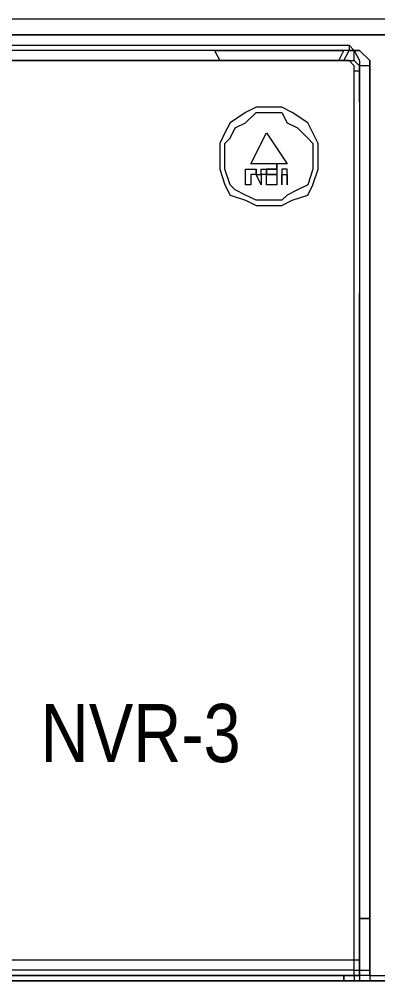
# Model space of a CAD drawing. Header units: millimetres. Extents: x 11706 to 18081, y 7308 to 12674.
# Drawn here: x 16280.9 to 16327.1, y 9467.6 to 9592.2 of the extents above; entities that cross this region are included whole.
import ezdxf
from ezdxf.enums import TextEntityAlignment as Align

# ---------------------------------------------------------------- set-up
doc = ezdxf.new("R2010")
doc.units = ezdxf.units.MM
doc.layers.get('0').update_dxf_attribs({"lineweight": 0})
doc.layers.add('H', color=7, linetype='Continuous')
doc.styles.get("Standard").update_dxf_attribs({"font": 'ARIALN.TTF'})

# ---------------------------------------------------------------- blocks, each defined once
blk = doc.blocks.new('ND-6842')
h = blk.add_hatch(color=9)
h.dxf.hatch_style = 1
h.paths.add_polyline_path([(2857.57, 7259.12), (2257.57, 7259.12), (2257.57, 5286.22), (2857.57, 5286.22)])
h.paths.add_polyline_path([(2807.57, 7209.12), (2807.57, 5336.22), (2307.57, 5336.22), (2307.57, 7209.12)], flags=16)
blk = doc.blocks.new('SRN-4000')
at = {"layer": 'H', "lineweight": 0}
for points in [[(3351.28, -2419.78), (2944.61, -2419.78)], [(3349.28, -2421.78), (2946.61, -2421.78)], [(2946.61, -2421.78), (3349.28, -2421.78)], [(3309.28, -2457.11), (3309.28, -2457.11)], [(3309.28, -2457.11), (3309.28, -2457.11)], [(3309.28, -2457.11), (3309.28, -2457.11)], [(3309.28, -2543.78), (3225.28, -2543.78)], [(3225.28, -2543.78), (3310.61, -2543.78)], [(3305.28, -2543.11), (3305.28, -2543.11)], [(3307.28, -2543.78), (3308.61, -2543.78)], [(3307.28, -2543.78), (3307.28, -2543.78)], [(3308.61, -2543.78), (3307.28, -2543.78)], [(3308.61, -2543.78), (3308.61, -2543.78)], [(3309.28, -2543.78), (3308.61, -2543.78)], [(3309.28, -2543.78), (3309.28, -2543.78)], [(3309.28, -2543.78), (3309.28, -2543.78)], [(3310.61, -2543.78), (3309.28, -2543.78)], [(3309.28, -2543.78), (3309.28, -2543.78)], [(3309.28, -2543.78), (3324.61, -2543.78)], [(3309.28, -2543.78), (3309.28, -2543.78)], [(3349.28, -2543.78), (3310.61, -2543.78)], [(3310.61, -2543.78), (3310.61, -2543.78)]]:
    blk.add_lwpolyline(points, dxfattribs=at)
at = {"layer": 'H', "color": 8, "lineweight": 0}
for points in [[(2947.95, -2423.11), (3307.95, -2423.11)], [(3307.95, -2423.78), (2947.95, -2423.78)], [(3307.95, -2423.78), (2947.95, -2423.78)], [(3307.95, -2423.78), (2947.95, -2423.78)], [(3307.28, -2423.78), (3290.61, -2423.78)], [(3290.61, -2423.78), (3307.28, -2423.78)], [(3290.61, -2423.78), (3290.61, -2423.78)], [(3307.28, -2423.78), (3290.61, -2423.78)], [(3290.61, -2423.78), (3290.61, -2423.78)], [(3290.61, -2423.78), (3307.28, -2423.78)], [(3290.61, -2423.78), (3290.61, -2423.78)], [(3290.61, -2423.78), (3307.28, -2423.78)], [(3307.28, -2423.78), (3290.61, -2423.78)], [(3290.61, -2423.78), (3290.61, -2423.78), (3291.28, -2425.11), (3291.95, -2425.11), (3291.95, -2425.11)], [(3290.61, -2423.78), (3307.28, -2423.78)], [(3305.28, -2425.11), (3305.28, -2425.11), (3306.61, -2425.11), (3307.28, -2423.78), (3307.28, -2423.78)], [(3307.28, -2425.11), (3307.95, -2423.78)], [(3307.28, -2423.78), (3307.28, -2423.78)], [(3307.28, -2423.78), (3307.28, -2423.78)], [(3307.28, -2423.78), (3307.28, -2423.78)], [(3307.95, -2423.11), (3307.95, -2423.78), (3307.95, -2423.78)], [(3307.95, -2423.11), (3308.61, -2423.78), (3309.28, -2423.78), (3310.61, -2425.11), (3310.61, -2425.78)], [(3309.28, -2426.44), (3309.28, -2425.78), (3308.61, -2425.11), (3308.61, -2423.78), (3307.95, -2423.78)], [(3310.61, -2425.78), (3310.61, -2425.11), (3309.28, -2423.78), (3308.61, -2423.78), (3307.95, -2423.78)], [(3307.95, -2423.78), (3307.95, -2423.78)], [(3307.95, -2423.78), (3308.61, -2423.78), (3309.28, -2425.11), (3309.28, -2425.11), (3309.28, -2425.78)], [(2947.95, -2425.11), (3307.28, -2425.11)], [(3307.28, -2425.11), (2947.95, -2425.11)], [(3291.95, -2425.11), (3305.28, -2425.11)], [(3307.28, -2425.11), (3307.28, -2425.11), (3307.28, -2425.11)], [(3307.28, -2425.11), (3307.95, -2425.11), (3308.61, -2425.11), (3309.28, -2425.78), (3309.28, -2426.44)], [(3308.61, -2426.44), (3308.61, -2425.78), (3308.61, -2425.78), (3307.95, -2425.11), (3307.28, -2425.11)], [(3308.61, -2426.44), (3309.28, -2426.44), (3309.28, -2426.44)], [(3308.61, -2541.11), (3308.61, -2426.44)], [(3310.61, -2425.78), (3309.28, -2425.78)], [(3309.28, -2429.11), (3309.28, -2425.78)], [(3309.28, -2426.44), (3309.28, -2426.44)], [(3309.28, -2426.44), (3309.28, -2541.11)], [(3309.28, -2430.44), (3309.28, -2426.44)], [(3310.61, -2543.11), (3310.61, -2425.78)], [(3310.61, -2425.78), (3310.61, -2543.11)], [(3310.61, -2425.78), (3310.61, -2425.78), (3310.61, -2425.78)], [(3309.28, -2429.11), (3309.28, -2429.11)], [(3309.28, -2429.11), (3309.28, -2429.11)], [(3309.28, -2429.11), (3309.28, -2429.11)], [(3309.28, -2429.11), (3309.28, -2457.11)], [(3309.28, -2430.44), (3309.28, -2455.11)], [(3291.28, -2437.78), (3291.28, -2439.11), (3291.95, -2441.11), (3292.61, -2442.44), (3294.61, -2443.11), (3295.95, -2443.78), (3297.28, -2443.78), (3299.28, -2443.78), (3300.61, -2443.11), (3302.61, -2442.44), (3303.28, -2441.11), (3303.95, -2439.11), (3303.95, -2437.78), (3303.95, -2435.78), (3303.28, -2434.44), (3302.61, -2433.11), (3300.61, -2431.78), (3299.28, -2431.11), (3297.28, -2431.11), (3295.95, -2431.11), (3294.61, -2431.78), (3292.61, -2433.11), (3291.95, -2434.44), (3291.28, -2435.78), (3291.28, -2437.78)], [(3297.28, -2431.78), (3299.28, -2431.78), (3299.95, -2433.11), (3301.28, -2433.78), (3302.61, -2435.11), (3303.28, -2435.78), (3303.28, -2437.78), (3303.28, -2439.11), (3302.61, -2441.11), (3301.28, -2441.78), (3299.95, -2442.44), (3299.28, -2443.11), (3297.28, -2443.11), (3295.95, -2443.11), (3294.61, -2442.44), (3293.28, -2441.78), (3292.61, -2441.11), (3291.95, -2439.11), (3291.95, -2437.78), (3291.95, -2435.78), (3292.61, -2435.11), (3293.28, -2433.78), (3294.61, -2433.11), (3295.95, -2431.78), (3297.28, -2431.78)], [(3295.28, -2438.44), (3297.28, -2434.44)], [(3297.28, -2434.44), (3299.95, -2438.44)], [(3294.61, -2439.11), (3295.28, -2439.11), (3295.28, -2439.11), (3295.28, -2439.11), (3295.95, -2439.11), (3295.95, -2439.11), (3295.95, -2439.11), (3295.95, -2439.11), (3295.95, -2439.11)], [(3295.28, -2439.78), (3295.28, -2439.78), (3295.28, -2439.78), (3295.28, -2439.78), (3295.28, -2439.78), (3295.28, -2439.78), (3295.28, -2439.78), (3295.28, -2441.11), (3295.28, -2441.11), (3295.28, -2441.11), (3295.28, -2441.11), (3294.61, -2441.11), (3294.61, -2441.11), (3294.61, -2441.11), (3294.61, -2439.78), (3294.61, -2439.78), (3294.61, -2439.11), (3294.61, -2439.11), (3294.61, -2439.11), (3294.61, -2439.11)], [(3299.95, -2438.44), (3295.28, -2438.44)], [(3295.28, -2439.11), (3295.28, -2439.11)], [(3295.28, -2439.11), (3295.28, -2439.11)], [(3295.28, -2439.11), (3295.28, -2439.11)], [(3295.28, -2439.11), (3295.28, -2439.11)], [(3295.28, -2439.11), (3295.28, -2439.11)], [(3295.95, -2439.11), (3295.95, -2439.11), (3295.95, -2439.11), (3295.95, -2439.11), (3295.95, -2439.78), (3295.28, -2439.78), (3295.28, -2439.78), (3295.28, -2439.78), (3295.28, -2439.78), (3295.28, -2439.78), (3295.28, -2439.78), (3295.28, -2439.78), (3295.28, -2439.78)], [(3295.95, -2439.11), (3295.95, -2439.11), (3295.95, -2439.11), (3295.95, -2439.11), (3295.95, -2439.11), (3295.95, -2439.11), (3295.95, -2439.11)], [(3297.28, -2439.11), (3297.28, -2439.11), (3297.28, -2439.11), (3297.28, -2439.11), (3297.28, -2439.11), (3297.28, -2439.11), (3297.28, -2439.11), (3297.28, -2439.11), (3297.28, -2439.11), (3297.28, -2439.11), (3297.28, -2439.78), (3297.28, -2439.78), (3296.61, -2439.78), (3296.61, -2441.11), (3296.61, -2441.11), (3295.95, -2439.78), (3295.95, -2439.78), (3295.95, -2439.78), (3295.95, -2439.11), (3295.95, -2439.11)], [(3295.95, -2439.11), (3295.95, -2439.11), (3295.95, -2439.11), (3295.95, -2439.11), (3295.95, -2439.11), (3295.95, -2439.11), (3295.95, -2439.11), (3295.95, -2439.11), (3295.95, -2439.11), (3295.95, -2439.78), (3295.95, -2439.78), (3296.61, -2439.78), (3296.61, -2439.78), (3296.61, -2439.78), (3296.61, -2439.78), (3296.61, -2439.78), (3296.61, -2439.11), (3296.61, -2439.11), (3296.61, -2439.11), (3296.61, -2439.11), (3296.61, -2439.11), (3296.61, -2439.11), (3296.61, -2439.11), (3296.61, -2439.11), (3296.61, -2439.11)], [(3296.61, -2439.11), (3296.61, -2439.11), (3296.61, -2439.11), (3296.61, -2439.11), (3296.61, -2439.11), (3296.61, -2439.11), (3296.61, -2439.11), (3296.61, -2439.11), (3297.28, -2439.11), (3297.28, -2439.11), (3297.28, -2439.11), (3297.28, -2439.11), (3297.28, -2439.11), (3297.28, -2439.11)], [(3297.28, -2439.78), (3297.28, -2439.78), (3298.61, -2439.78), (3298.61, -2439.78), (3298.61, -2439.78), (3298.61, -2439.78), (3298.61, -2439.78), (3298.61, -2439.78), (3297.28, -2439.78), (3297.28, -2439.11), (3297.28, -2439.11), (3297.28, -2439.11), (3298.61, -2439.11), (3298.61, -2438.44), (3298.61, -2439.11)], [(3298.61, -2439.11), (3298.61, -2439.11), (3298.61, -2439.11), (3298.61, -2439.11), (3297.28, -2439.11), (3297.28, -2439.11), (3298.61, -2439.11), (3298.61, -2439.11), (3298.61, -2439.78), (3298.61, -2439.78), (3298.61, -2441.11), (3298.61, -2441.11), (3298.61, -2441.11), (3297.28, -2441.11), (3297.28, -2441.11)], [(3298.61, -2439.11), (3298.61, -2439.11), (3298.61, -2439.11), (3298.61, -2439.11), (3298.61, -2439.11), (3298.61, -2439.11), (3298.61, -2439.11), (3298.61, -2439.11), (3298.61, -2439.11), (3298.61, -2439.11)], [(3299.95, -2439.11), (3299.28, -2439.11)], [(3299.28, -2439.11), (3299.28, -2439.11)], [(3299.28, -2439.11), (3299.28, -2439.11)], [(3299.28, -2439.11), (3299.28, -2441.11)], [(3299.95, -2441.11), (3299.95, -2439.11)], [(3299.95, -2439.11), (3299.95, -2439.11)], [(3299.95, -2439.11), (3299.95, -2439.11)], [(3297.28, -2441.11), (3297.28, -2441.11), (3297.28, -2441.11), (3297.28, -2441.11), (3297.28, -2439.78), (3297.28, -2439.78), (3297.28, -2439.78), (3297.28, -2439.78), (3297.28, -2439.78), (3297.28, -2439.78), (3297.28, -2439.78), (3297.28, -2439.78)], [(3299.28, -2441.11), (3299.28, -2439.78)], [(3299.28, -2439.78), (3299.95, -2439.78)], [(3299.95, -2439.78), (3299.95, -2441.11)], [(3299.28, -2441.11), (3299.28, -2441.11)], [(3299.95, -2441.11), (3299.95, -2441.11)], [(3309.28, -2533.78), (3309.28, -2455.11)], [(3309.28, -2529.78), (3309.28, -2457.11)], [(3309.28, -2529.78), (3309.28, -2529.78)], [(3309.28, -2529.78), (3309.28, -2531.78)], [(3309.28, -2531.78), (3309.28, -2531.78)], [(3309.28, -2535.78), (3309.28, -2531.78)], [(3309.28, -2537.78), (3309.28, -2535.78), (3309.28, -2535.11), (3309.28, -2534.44), (3309.28, -2533.78)], [(3309.28, -2535.78), (3309.28, -2535.11)], [(3309.28, -2535.78), (3310.61, -2535.78), (3310.61, -2535.11), (3310.61, -2535.11), (3310.61, -2535.78), (3310.61, -2535.78), (3310.61, -2537.11), (3310.61, -2538.44), (3310.61, -2539.78), (3310.61, -2541.11), (3310.61, -2542.44), (3310.61, -2543.11), (3310.61, -2543.78)], [(3309.28, -2535.78), (3309.28, -2535.78), (3309.28, -2535.78)], [(3309.28, -2535.78), (3309.28, -2535.78)], [(3310.61, -2535.78), (3309.28, -2535.78)], [(3309.28, -2542.44), (3309.28, -2537.78)], [(2947.28, -2541.11), (3308.61, -2541.11)], [(3308.61, -2542.44), (3308.61, -2541.78), (3308.61, -2541.11)], [(3308.61, -2541.11), (3309.28, -2541.11), (3309.28, -2541.11)], [(3309.28, -2541.11), (3309.28, -2541.78), (3309.28, -2542.44)], [(3308.61, -2542.44), (2947.28, -2542.44)], [(3308.61, -2543.11), (3308.61, -2542.44)], [(3308.61, -2543.11), (3309.28, -2543.11), (3309.28, -2542.44)], [(3308.61, -2542.44), (3309.28, -2542.44), (3309.28, -2542.44)], [(3308.61, -2543.11), (3309.28, -2543.11), (3309.28, -2542.44)], [(3309.28, -2542.44), (3309.28, -2543.11), (3308.61, -2543.11)], [(3309.28, -2542.44), (3309.28, -2542.44)], [(3309.28, -2542.44), (3309.28, -2542.44)], [(3309.28, -2542.44), (3310.61, -2542.44)], [(2947.28, -2543.11), (3308.61, -2543.11)], [(3308.61, -2543.11), (2947.28, -2543.11)], [(3243.28, -2543.11), (3305.28, -2543.11)], [(3306.61, -2543.11), (3306.61, -2543.11), (3306.61, -2543.11), (3306.61, -2543.11), (3306.61, -2543.11), (3306.61, -2543.11), (3306.61, -2543.11), (3306.61, -2543.11), (3306.61, -2543.11), (3306.61, -2543.11), (3306.61, -2543.11), (3306.61, -2543.11), (3306.61, -2543.11), (3306.61, -2543.11), (3306.61, -2543.11), (3306.61, -2543.11), (3306.61, -2543.11), (3306.61, -2543.11), (3306.61, -2543.11), (3306.61, -2543.11), (3306.61, -2543.11), (3306.61, -2543.11), (3306.61, -2543.11), (3306.61, -2543.11), (3307.28, -2543.11), (3307.28, -2543.11), (3307.28, -2543.11), (3307.28, -2543.11), (3307.28, -2543.11), (3307.28, -2543.11), (3307.28, -2543.11), (3307.28, -2543.11), (3307.28, -2543.11), (3307.28, -2543.11), (3307.28, -2543.78), (3307.28, -2543.78), (3307.28, -2543.78), (3307.28, -2543.78), (3307.28, -2543.78), (3307.28, -2543.78), (3307.28, -2543.78), (3307.28, -2543.78), (3307.28, -2543.78), (3307.28, -2543.78), (3307.28, -2543.78), (3307.28, -2543.78), (3307.28, -2543.78), (3307.28, -2543.78), (3307.28, -2543.78), (3307.28, -2543.78), (3307.28, -2543.78), (3307.28, -2543.78), (3307.28, -2543.78), (3307.28, -2543.78)], [(3307.28, -2543.11), (3307.28, -2543.11), (3307.28, -2543.11)], [(3307.28, -2543.11), (3307.28, -2543.11)], [(3307.28, -2543.11), (3307.28, -2543.11), (3307.28, -2543.11)], [(3307.28, -2543.11), (3307.28, -2543.11)], [(3307.28, -2543.78), (3307.28, -2543.11), (3307.28, -2543.11)], [(3308.61, -2543.11), (3308.61, -2543.11)], [(3308.61, -2543.11), (3308.61, -2543.11)], [(3308.61, -2543.11), (3308.61, -2543.11), (3308.61, -2543.11)], [(3308.61, -2543.11), (3308.61, -2543.11)], [(3308.61, -2543.11), (3308.61, -2543.11), (3308.61, -2543.11)], [(3308.61, -2543.11), (3308.61, -2543.11), (3308.61, -2543.78)], [(3310.61, -2543.11), (3309.28, -2543.11)], [(3309.28, -2543.11), (3309.28, -2543.78)], [(3309.28, -2543.11), (3309.28, -2543.11)], [(3310.61, -2543.11), (3349.28, -2543.11)], [(3310.61, -2543.11), (3310.61, -2543.78), (3310.61, -2543.78)], [(3310.61, -2543.11), (3310.61, -2543.78), (3310.61, -2543.78)], [(3310.61, -2543.11), (3310.61, -2543.11), (3310.61, -2543.11)]]:
    blk.add_lwpolyline(points, dxfattribs=at)

msp = doc.modelspace()

# ---------------------------------------------------------------- block references
at = {"color": 1, "xscale": 0.8213333333333326, "yscale": 0.8213333333333326, "zscale": 0.8213333333333326}
msp.add_blockref('ND-6842', (14062.83, 4138.85), dxfattribs=at)
msp.add_blockref('SRN-4000', (13015.49, 12012.01))

# ---------------------------------------------------------------- texts
at = {"color": 6}
msp.add_text('NVR-3', height=7.5, dxfattribs=at).set_placement((16296.58, 9496.42), align=Align.CENTER)

doc.saveas('drawing.dxf')
-----
#### [What is expected]
What lines of the material above include "lineweight"? Copy each one.

#### [Task solution]
doc.layers.get('0').update_dxf_attribs({"lineweight": 0})
at = {"layer": 'H', "lineweight": 0}
at = {"layer": 'H', "color": 8, "lineweight": 0}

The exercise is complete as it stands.